Yup - and what's sadder is that H&H have started banning people who are complaining from their Facebook page.


----------



## CoachinaCar (7 September 2012)

Think H n H have got it really wrong this time, I am very disappointed in them for not putting para's on front cover, all our gold medallists should have been on there, shame on you H n H


----------



## kiritiger (7 September 2012)

armchair_rider said:



			Has anyone counted how many pages Burghley has vs the vaunted 8 pages on para dressage?
		
Click to expand...

I have H&H on subscription (which I will be cancelling) so Burghley had 13 pages (12 page report and 1 article in the news section) and the Paralympics had 8 pages (6 page report and 2 pages in the news section).
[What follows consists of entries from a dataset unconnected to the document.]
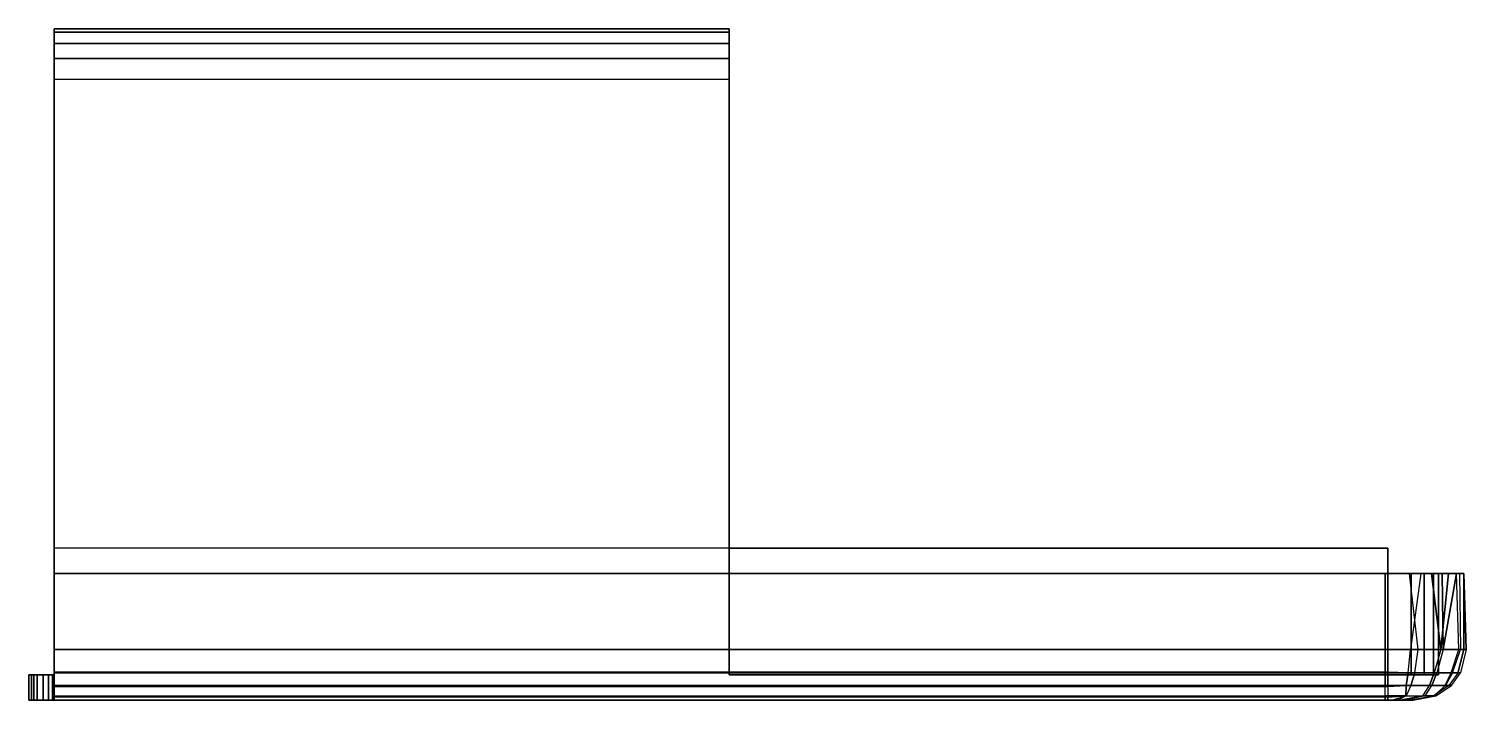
# Model space of a CAD drawing. Header units: inches. Extents: x 0 to 606, y -17 to 8.
# Drawn here: x 552.9 to 606.4, y -16.5 to 8.5 of the extents above.
import ezdxf

# ---------------------------------------------------------------- set-up
doc = ezdxf.new("R2010")
doc.units = ezdxf.units.IN
doc.header["$MEASUREMENT"] = 0
doc.layers.add('1', color=7, linetype='CONTINUOUS')

msp = doc.modelspace()

# ---------------------------------------------------------------- linework, layer by layer
at = {"layer": '1'}
for points in [[(578.96, -10.877, -57.878), (553.81, -10.877, -57.878), (553.81, 8.463, -57.878), (578.96, 8.463, -57.878)], [(578.96, 8.463, -57.878), (553.81, 8.463, -57.878), (553.81, 8.463, 117.236), (578.96, 8.463, 117.236)], [(553.81, 8.463, -57.878), (553.81, 7.52, -57.878), (553.81, 7.52, 118.179), (553.81, 8.463, 117.236)], [(553.81, 8.463, 117.236), (578.96, 8.463, 117.236), (578.96, 8.335, 117.92), (553.81, 8.335, 117.92)], [(553.81, 7.52, 118.179), (553.81, 8.463, 117.236), (553.81, 7.91, 118.57), (553.81, 6.576, 119.122)], [(553.81, 7.91, 118.57), (553.81, 8.463, 117.236), (553.81, 8.335, 117.92)], [(553.81, 8.463, -57.878), (553.81, 7.52, -57.878), (553.81, 7.52, 118.179), (553.81, 8.463, 117.236)], [(553.81, 8.463, 117.236), (553.81, 7.91, 118.57), (553.81, 6.576, 119.122)], [(553.81, 8.335, 117.92), (578.96, 8.335, 117.92), (578.96, 7.91, 118.57), (553.81, 7.91, 118.57)], [(578.96, 8.463, -57.878), (578.96, 7.52, -57.878), (578.96, 7.52, 118.179), (578.96, 8.463, 117.236)], [(578.96, 7.91, 118.57), (578.96, 8.463, 117.236), (578.96, 8.335, 117.92)], [(578.96, 6.576, 119.122), (578.96, 7.91, 118.57), (578.96, 8.463, 117.236)], [(553.81, 7.91, 118.57), (578.96, 7.91, 118.57), (578.96, 7.355, 118.954), (553.81, 7.355, 118.954)], [(553.81, 6.576, 119.122), (553.81, 7.91, 118.57), (553.81, 7.355, 118.954)], [(553.81, 7.52, 118.179), (553.81, -15.594, 118.179), (553.81, -15.594, -56.792), (553.81, 7.52, -56.792)], [(553.81, -15.594, -56.792), (553.81, -14.65, -57.878), (553.81, 7.52, -57.878), (553.81, 7.52, -56.792)], [(553.81, 7.52, 118.179), (553.81, 6.576, 119.122), (553.81, -14.65, 119.122), (553.81, -15.594, 118.179)], [(578.96, 6.576, 119.122), (578.96, 7.91, 118.57), (578.96, 7.355, 118.954)], [(578.96, 7.52, -56.792), (578.96, -15.594, -56.792), (578.96, -15.594, 118.179), (578.96, 7.52, 118.179)], [(578.96, -10.877, -56.792), (578.96, -10.877, -57.878), (578.96, 7.52, -57.878), (578.96, 7.52, -56.792)], [(578.96, -11.82, 119.122), (578.96, -11.82, 118.179), (578.96, 7.52, 118.179), (578.96, 6.576, 119.122)], [(553.81, 7.355, 118.954), (578.96, 7.355, 118.954), (578.96, 6.576, 119.122), (553.81, 6.576, 119.122)], [(578.96, -11.82, 119.122), (578.96, 6.576, 119.122), (553.81, 6.576, 119.122), (553.81, -11.82, 119.122)], [(553.81, -14.65, -57.878), (603.489, -14.65, -57.878), (603.489, -10.877, -57.878), (553.81, -10.877, -57.878)], [(578.96, -10.877, -57.878), (578.96, -10.877, -56.792), (603.489, -10.877, -56.792), (603.489, -10.877, -57.878)], [(578.96, -10.877, -56.792), (578.96, -15.594, -56.792), (603.489, -15.594, -56.792), (603.489, -10.877, -56.792)], [(603.489, -11.82, -56.792), (603.489, -10.877, -56.792), (603.489, -10.877, -57.878), (603.489, -11.82, -57.878)], [(553.81, -14.65, 119.122), (603.394, -14.65, 119.122), (603.394, -11.82, 119.122), (553.81, -11.82, 119.122)], [(578.96, -15.594, 118.179), (578.96, -11.82, 118.179), (603.489, -11.82, 118.179), (603.489, -15.594, 118.179)], [(603.394, -11.82, 119.122), (603.489, -11.82, 118.179), (578.96, -11.82, 118.179), (578.96, -11.82, 119.122)], [(605.375, -11.82, 116.292), (603.489, -11.82, 118.179), (578.96, -11.82, 118.179), (578.96, -11.82, 116.292)], [(605.375, -11.82, 116.292), (578.96, -11.82, 116.292), (578.96, -11.82, -54.906), (605.375, -11.82, -54.906)], [(605.375, -11.82, -54.906), (603.489, -11.82, -56.792), (578.96, -11.82, -56.792), (578.96, -11.82, -54.906)], [(604.294, -11.82, 118.98), (603.394, -11.82, 119.122), (603.489, -11.82, 118.179), (604.358, -11.82, 117.967)], [(603.394, -14.65, 119.122), (604.622, -14.65, 118.852), (604.294, -11.82, 118.98), (603.394, -11.82, 119.122)], [(603.489, -15.594, -56.792), (604.358, -15.594, -56.58), (604.358, -11.82, -56.58), (603.489, -11.82, -56.792)], [(603.489, -11.82, 118.179), (604.358, -11.82, 117.967), (604.358, -15.594, 117.967), (603.489, -15.594, 118.179)], [(603.489, -11.82, -56.792), (603.489, -11.82, -57.878), (604.719, -11.82, -57.596), (604.358, -11.82, -56.58)], [(604.331, -14.65, -57.754), (603.489, -14.65, -57.878), (603.489, -11.82, -57.878), (604.719, -11.82, -57.596)], [(605.375, -11.82, 116.292), (605.196, -11.82, 117.096), (604.844, -11.82, 117.605), (603.489, -11.82, 118.179)], [(604.844, -11.82, 117.605), (604.358, -11.82, 117.967), (603.489, -11.82, 118.179)], [(603.489, -11.82, -56.792), (604.358, -11.82, -56.58), (604.844, -11.82, -56.218), (605.375, -11.82, -54.906)], [(604.358, -11.82, 117.967), (604.358, -11.82, 117.967), (604.294, -11.82, 118.98), (605.12, -11.82, 118.559)], [(604.294, -11.82, 118.98), (605.12, -11.82, 118.559), (605.462, -14.65, 118.266), (604.622, -14.65, 118.852)], [(605.557, -14.65, -57.021), (605.513, -11.82, -57.025), (604.719, -11.82, -57.596), (604.331, -14.65, -57.754)], [(604.358, -11.82, -56.58), (604.358, -15.594, -56.58), (604.844, -15.594, -56.218), (604.844, -11.82, -56.218)], [(604.358, -15.594, 117.967), (604.358, -11.82, 117.967), (604.844, -11.82, 117.605), (604.844, -15.594, 117.605)], [(604.358, -11.82, -56.58), (604.719, -11.82, -57.596), (605.513, -11.82, -57.025), (604.844, -11.82, -56.218)], [(605.747, -11.82, 117.935), (604.844, -11.82, 117.605), (604.358, -11.82, 117.967), (605.12, -11.82, 118.559)], [(604.844, -11.82, -56.218), (604.844, -15.594, -56.218), (605.196, -15.594, -55.709), (605.196, -11.82, -55.709)], [(604.844, -15.594, 117.605), (604.844, -11.82, 117.605), (605.196, -11.82, 117.096), (605.196, -15.594, 117.096)], [(604.844, -11.82, -56.218), (605.513, -11.82, -57.025), (606.053, -11.82, -56.244), (605.196, -11.82, -55.709)], [(606.165, -11.82, 117.134), (605.747, -11.82, 117.935), (604.844, -11.82, 117.605), (605.196, -11.82, 117.096)], [(605.375, -11.82, -54.906), (605.196, -11.82, -55.709), (604.844, -11.82, -56.218)], [(605.12, -11.82, 118.559), (605.747, -11.82, 117.935), (605.462, -14.65, 118.266)], [(605.196, -11.82, -55.709), (605.196, -15.594, -55.709), (605.375, -15.594, -54.906), (605.375, -11.82, -54.906)], [(605.196, -15.594, 117.096), (605.196, -11.82, 117.096), (605.375, -11.82, 116.292), (605.375, -15.594, 116.292)], [(605.196, -11.82, -55.709), (606.053, -11.82, -56.244), (606.319, -11.82, -55.047), (605.375, -11.82, -54.906)], [(606.319, -11.82, 116.198), (605.375, -11.82, 116.292), (605.196, -11.82, 117.096), (606.165, -11.82, 117.134)], [(605.375, -11.82, -54.906), (605.375, -15.594, -54.906), (605.375, -15.594, 116.292), (605.375, -11.82, 116.292)], [(605.375, -11.82, -54.906), (606.319, -11.82, -55.047), (606.319, -11.82, 116.198), (605.375, -11.82, 116.292)], [(605.462, -14.65, 118.266), (605.747, -11.82, 117.935), (606.165, -11.82, 117.134), (606.195, -14.65, 117.04)], [(606.053, -11.82, -56.244), (605.513, -11.82, -57.025), (605.557, -14.65, -57.021)], [(606.053, -11.82, -56.244), (606.053, -11.82, -56.244), (605.557, -14.65, -57.021), (606.143, -14.65, -56.181)], [(606.413, -14.65, -54.953), (606.143, -14.65, -56.181), (606.053, -11.82, -56.244), (606.319, -11.82, -55.047)], [(606.195, -14.65, 117.04), (606.319, -14.65, 116.198), (606.319, -11.82, 116.198), (606.165, -11.82, 117.134)], [(606.413, -14.65, -54.953), (606.319, -11.82, -55.047), (606.319, -11.82, 116.198), (606.319, -14.65, 116.198)], [(553.81, -14.65, 119.122), (553.81, -15.518, 118.911), (603.394, -15.518, 118.911), (603.394, -14.65, 119.122)], [(553.81, -15.487, -57.682), (553.81, -14.65, -57.878), (603.489, -14.65, -57.878), (603.489, -15.487, -57.682)], [(553.81, -14.65, 119.122), (553.81, -15.594, 118.179), (553.81, -16.537, 117.236), (553.81, -15.984, 118.57)], [(553.81, -14.65, 119.122), (553.81, -15.984, 118.57), (553.81, -15.518, 118.911)], [(553.81, -15.278, -57.156), (553.81, -15.064, -57.781), (553.81, -14.65, -57.878)], [(604.499, -15.518, 118.558), (604.622, -14.65, 118.852), (603.394, -14.65, 119.122), (603.394, -15.518, 118.911)], [(604.248, -15.518, -57.461), (604.331, -14.65, -57.754), (603.489, -14.65, -57.878), (603.489, -15.487, -57.682)], [(604.248, -15.518, -57.461), (604.331, -14.65, -57.754), (605.557, -14.65, -57.021), (605.313, -15.518, -56.771)], [(604.499, -15.518, 118.558), (604.622, -14.65, 118.852), (605.462, -14.65, 118.266), (605.213, -15.518, 118.023)], [(605.902, -15.518, 116.958), (606.195, -14.65, 117.04), (605.462, -14.65, 118.266), (605.213, -15.518, 118.023)], [(605.849, -15.518, -56.058), (606.143, -14.65, -56.181), (605.557, -14.65, -57.021), (605.313, -15.518, -56.771)], [(605.849, -15.518, -56.058), (606.143, -14.65, -56.181), (606.413, -14.65, -54.953), (606.202, -15.518, -54.953)], [(605.902, -15.518, 116.958), (606.195, -14.65, 117.04), (606.319, -14.65, 116.198), (606.103, -15.526, 116.198)], [(606.103, -15.526, 116.198), (606.319, -14.65, 116.198), (606.413, -14.65, -54.953), (606.202, -15.518, -54.953)], [(553.81, -15.278, -57.156), (553.81, -15.487, -57.682), (553.81, -15.064, -57.781), (553.81, -15.278, -57.156)], [(553.81, -15.594, -56.792), (553.81, -15.487, -57.682), (553.81, -15.487, -57.682), (553.81, -15.278, -57.156)], [(603.489, -16.02, -57.288), (603.489, -15.487, -57.682), (553.81, -15.487, -57.682), (553.81, -16.02, -57.288)], [(553.81, -15.594, -56.792), (553.81, -16.02, -57.288), (553.81, -15.487, -57.682), (553.81, -15.594, -56.792)], [(603.394, -15.518, 118.911), (603.394, -15.984, 118.57), (553.81, -15.984, 118.57), (553.81, -15.518, 118.911)], [(603.394, -15.518, 118.911), (604.499, -15.518, 118.558), (604.344, -15.984, 118.333), (603.394, -15.984, 118.57)], [(604.181, -15.984, -57.193), (604.248, -15.518, -57.461), (603.489, -15.487, -57.682), (603.489, -16.02, -57.288)], [(605.134, -15.984, -56.598), (605.313, -15.518, -56.771), (604.248, -15.518, -57.461), (604.181, -15.984, -57.193)], [(604.344, -15.984, 118.333), (604.499, -15.518, 118.558), (605.213, -15.518, 118.023), (605.039, -15.984, 117.843)], [(605.039, -15.984, 117.843), (605.213, -15.518, 118.023), (605.902, -15.518, 116.958), (605.634, -15.984, 116.89)], [(605.624, -15.984, -55.903), (605.849, -15.518, -56.058), (605.313, -15.518, -56.771), (605.134, -15.984, -56.598)], [(606.202, -15.518, -54.953), (605.849, -15.518, -56.058), (605.624, -15.984, -55.903), (605.86, -15.984, -54.953)], [(605.634, -15.984, 116.89), (605.902, -15.518, 116.958), (606.103, -15.526, 116.198), (605.766, -15.984, 116.198)], [(605.86, -15.984, -54.953), (606.202, -15.518, -54.953), (606.103, -15.526, 116.198), (605.766, -15.984, 116.198)], [(552.867, -15.594, 115.901), (552.867, -16.537, 115.901), (552.867, -16.537, -54.657), (552.867, -15.594, -54.657)], [(552.971, -16.537, 116.198), (552.867, -16.537, 115.901), (552.867, -15.594, 115.901), (552.971, -15.594, 116.198)], [(552.971, -15.594, -54.953), (552.867, -15.594, -54.657), (552.867, -16.537, -54.657), (552.971, -16.537, -54.953)], [(552.867, -15.594, 115.901), (553.81, -15.594, 115.901), (552.971, -15.594, 116.198)], [(553.81, -15.594, 115.901), (552.867, -15.594, 115.901), (552.867, -15.594, -54.657), (553.81, -15.594, -54.657)], [(553.81, -15.594, -54.657), (552.867, -15.594, -54.657), (552.971, -15.594, -54.953), (553.053, -15.594, -55.032)], [(553.053, -15.594, 116.277), (553.053, -16.537, 116.277), (552.971, -16.537, 116.198), (552.971, -15.594, 116.198)], [(553.053, -16.537, -55.032), (553.053, -15.594, -55.032), (552.971, -15.594, -54.953), (552.971, -16.537, -54.953)], [(552.971, -15.594, 116.198), (553.053, -15.594, 116.277), (553.181, -15.594, 116.346), (553.81, -15.594, 115.901)], [(553.181, -15.594, 116.346), (553.181, -16.537, 116.346), (553.053, -16.537, 116.277), (553.053, -15.594, 116.277)], [(553.181, -16.537, -55.101), (553.181, -15.594, -55.101), (553.053, -15.594, -55.032), (553.053, -16.537, -55.032)], [(553.81, -15.594, -54.657), (553.053, -15.594, -55.032), (553.181, -15.594, -55.101), (553.405, -15.594, -55.216)], [(553.405, -15.594, 116.461), (553.405, -16.537, 116.461), (553.181, -16.537, 116.346), (553.181, -15.594, 116.346)], [(553.405, -16.537, -55.216), (553.405, -15.594, -55.216), (553.181, -15.594, -55.101), (553.181, -16.537, -55.101)], [(553.181, -15.594, 116.346), (553.405, -15.594, 116.461), (553.6, -15.594, 116.642), (553.81, -15.594, 115.901)], [(553.6, -15.594, 116.642), (553.6, -16.537, 116.642), (553.405, -16.537, 116.461), (553.405, -15.594, 116.461)], [(553.6, -16.537, -55.398), (553.6, -15.594, -55.398), (553.405, -15.594, -55.216), (553.405, -16.537, -55.216)], [(553.81, -15.594, -54.657), (553.405, -15.594, -55.216), (553.6, -15.594, -55.398), (553.75, -15.594, -55.659)], [(553.75, -15.594, 116.904), (553.75, -16.537, 116.904), (553.6, -16.537, 116.642), (553.6, -15.594, 116.642)], [(553.75, -16.537, -55.659), (553.75, -15.594, -55.659), (553.6, -15.594, -55.398), (553.6, -16.537, -55.398)], [(553.6, -15.594, 116.642), (553.75, -15.594, 116.904), (553.81, -15.594, 117.236), (553.81, -15.594, 115.901)], [(553.81, -15.594, 117.236), (553.81, -16.537, 117.236), (553.75, -16.537, 116.904), (553.75, -15.594, 116.904)], [(553.81, -16.537, -55.991), (553.81, -15.594, -55.991), (553.75, -15.594, -55.659), (553.75, -16.537, -55.659)], [(553.81, -15.594, -54.657), (553.75, -15.594, -55.659), (553.81, -15.594, -55.991)], [(553.81, -15.594, 118.179), (553.81, -16.537, 117.236), (553.81, -15.594, 117.236)], [(553.81, -15.594, -55.991), (553.81, -16.537, -55.991), (553.81, -16.42, -56.646), (553.81, -15.594, -56.792)], [(553.81, -15.594, -56.792), (553.81, -16.007, -56.719), (553.81, -16.42, -56.646), (553.81, -16.02, -57.288)], [(553.81, -15.984, 118.57), (553.81, -16.377, 117.995), (603.394, -16.377, 117.995), (603.394, -15.984, 118.57)], [(553.81, -15.984, 118.57), (553.81, -16.537, 117.236), (553.81, -16.377, 117.995)], [(553.81, -16.42, -56.646), (553.81, -16.02, -57.288), (603.489, -16.02, -57.288), (603.489, -16.42, -56.646)], [(603.489, -15.594, 118.179), (605.375, -15.594, 116.292), (578.96, -15.594, 116.292), (578.96, -15.594, 118.179)], [(578.96, -15.594, 116.292), (605.375, -15.594, 116.292), (605.375, -15.594, -54.906), (578.96, -15.594, -54.906)], [(603.489, -15.594, -56.792), (603.489, -15.594, -54.906), (578.96, -15.594, -54.906), (578.96, -15.594, -56.792)], [(603.394, -15.984, 118.57), (604.344, -15.984, 118.333), (604.176, -16.377, 117.956), (603.394, -16.377, 117.995)], [(605.375, -15.594, 116.292), (603.489, -15.594, 118.179), (604.358, -15.594, 117.967), (604.823, -15.594, 117.626)], [(603.489, -15.594, -56.792), (604.358, -15.594, -56.58), (604.823, -15.594, -56.24), (603.489, -15.594, -54.906)], [(603.489, -15.594, -54.906), (604.823, -15.594, -56.24), (605.196, -15.594, -55.709), (605.375, -15.594, -54.906)], [(604.167, -16.377, -56.762), (604.181, -15.984, -57.193), (603.489, -16.02, -57.288), (603.489, -16.42, -56.646)], [(605.134, -15.984, -56.598), (604.181, -15.984, -57.193), (604.167, -16.377, -56.762), (604.877, -16.377, -56.35)], [(604.176, -16.377, 117.956), (604.791, -16.377, 117.587), (605.039, -15.984, 117.843), (604.344, -15.984, 118.333)], [(605.039, -15.984, 117.843), (605.634, -15.984, 116.89), (605.203, -16.377, 116.876), (604.791, -16.377, 117.587)], [(604.823, -15.594, 117.626), (605.196, -15.594, 117.096), (605.375, -15.594, 116.292)], [(605.247, -16.377, -55.735), (604.877, -16.377, -56.35), (605.134, -15.984, -56.598), (605.624, -15.984, -55.903)], [(605.203, -16.377, 116.876), (605.634, -15.984, 116.89), (605.766, -15.984, 116.198), (605.224, -16.363, 116.198)], [(605.766, -15.984, 116.198), (605.224, -16.363, 116.198), (605.286, -16.377, -54.953), (605.86, -15.984, -54.953)], [(605.86, -15.984, -54.953), (605.624, -15.984, -55.903), (605.247, -16.377, -55.735), (605.286, -16.377, -54.953)], [(552.971, -16.537, 116.198), (552.867, -16.537, 115.901), (604.432, -16.537, 115.901), (604.432, -16.537, 116.198)], [(552.867, -16.537, 115.901), (604.432, -16.537, 115.901), (604.432, -16.537, -55.047), (552.867, -16.537, -54.657)], [(552.867, -16.537, -54.657), (552.971, -16.537, -54.953), (553.053, -16.537, -55.032), (553.184, -16.537, -54.659)], [(554.067, -16.537, 116.198), (553.181, -16.537, 116.346), (553.053, -16.537, 116.277), (552.971, -16.537, 116.198)], [(553.181, -16.537, -55.101), (553.053, -16.537, -55.032), (553.184, -16.537, -54.659)], [(553.6, -16.537, 116.642), (553.405, -16.537, 116.461), (553.181, -16.537, 116.346), (554.067, -16.537, 116.198)], [(553.184, -16.537, -54.659), (553.181, -16.537, -55.101), (553.405, -16.537, -55.216), (553.448, -16.537, -54.661)], [(553.448, -16.537, -54.661), (553.405, -16.537, -55.216), (553.6, -16.537, -55.398), (553.669, -16.537, -54.663)], [(553.81, -16.537, 117.236), (553.75, -16.537, 116.904), (553.6, -16.537, 116.642), (554.067, -16.537, 116.198)], [(553.669, -16.537, -54.663), (553.6, -16.537, -55.398), (553.75, -16.537, -55.659), (553.777, -16.537, -54.664)], [(553.777, -16.537, -54.664), (553.75, -16.537, -55.659), (553.81, -16.537, -55.991), (553.82, -16.537, -54.664)], [(603.394, -16.377, 117.995), (603.394, -16.537, 117.236), (553.81, -16.537, 117.236), (553.81, -16.377, 117.995)], [(603.489, -16.537, -55.991), (603.489, -16.42, -56.646), (553.81, -16.42, -56.646), (553.81, -16.537, -55.991)], [(553.81, -16.537, 117.236), (554.067, -16.537, 116.198), (604.432, -16.537, 116.198), (603.394, -16.537, 117.236)], [(553.81, -16.537, -55.991), (603.489, -16.537, -55.991), (603.496, -16.537, -55.04), (553.82, -16.537, -54.664)], [(603.394, -16.377, 117.995), (604.176, -16.377, 117.956), (603.681, -16.537, 117.195), (603.394, -16.537, 117.236)], [(603.394, -16.537, 117.236), (604.432, -16.537, 116.198), (604.128, -16.537, 116.932)], [(604.128, -16.537, 116.932), (603.394, -16.537, 117.236), (603.811, -16.537, 117.148)], [(603.864, -16.537, -55.913), (604.167, -16.377, -56.762), (603.489, -16.42, -56.646), (603.489, -16.537, -55.991)], [(604.432, -16.537, -55.047), (604.156, -16.537, -55.715), (603.489, -16.537, -55.991), (603.496, -16.537, -55.04)], [(603.489, -16.537, -55.991), (604.156, -16.537, -55.715), (603.864, -16.537, -55.913)], [(603.965, -16.537, 117.065), (603.681, -16.537, 117.195), (604.176, -16.377, 117.956), (604.791, -16.377, 117.587)], [(604.877, -16.377, -56.35), (604.156, -16.537, -55.715), (603.864, -16.537, -55.913), (604.167, -16.377, -56.762)], [(604.791, -16.377, 117.587), (603.965, -16.537, 117.065), (604.254, -16.537, 116.779), (605.203, -16.377, 116.876)], [(604.128, -16.537, 116.932), (604.432, -16.537, 116.198), (604.355, -16.537, 116.59)], [(604.156, -16.537, -55.715), (604.362, -16.537, -55.405), (605.247, -16.377, -55.735), (604.877, -16.377, -56.35)], [(604.432, -16.537, -55.047), (604.156, -16.537, -55.715), (604.362, -16.537, -55.405)], [(604.254, -16.537, 116.779), (605.203, -16.377, 116.876), (605.224, -16.363, 116.198), (604.432, -16.537, 116.198)], [(605.286, -16.377, -54.953), (605.247, -16.377, -55.735), (604.362, -16.537, -55.405), (604.432, -16.537, -55.047)], [(604.432, -16.537, -55.047), (605.286, -16.377, -54.953), (605.224, -16.363, 116.198), (604.432, -16.537, 116.198)]]:
    msp.add_3dface(points, dxfattribs=at)

doc.saveas('drawing.dxf')

FWIW, I also think they were totally wrong on this occasion. I haven't often criticised H&H and I am a huge eventing fan. However, eventing is not the be all and end all of equestrian sport and on this occasion our fantastic, talented and amazing paralympic dressage team deserved the maximum coverage including the majority of the front page. What more can the Para-equestrian team really have done!?

ETA : They also annoyed me this week for moaning about the empty seats whilst making absolutely no attempt to find out why this was the case. If they'd spoken the LOCOG representitives, they would have realised why it was not possible to fill the entire stadium.


----------



## fateddy (7 September 2012)

Apparantly te editorial team are quoted in The Guardian as saying it is reader preference to ignore the paralympians if you are a reader that they asked to back up their quote I would like to know as I do know lots of people who read horse and hound none of whom have been canvassed on the matter so where did they draw this conclusion from?


----------



## Maesfen (7 September 2012)

Perhaps we better show them we did have a preference and it wasn't for the Burghley winner.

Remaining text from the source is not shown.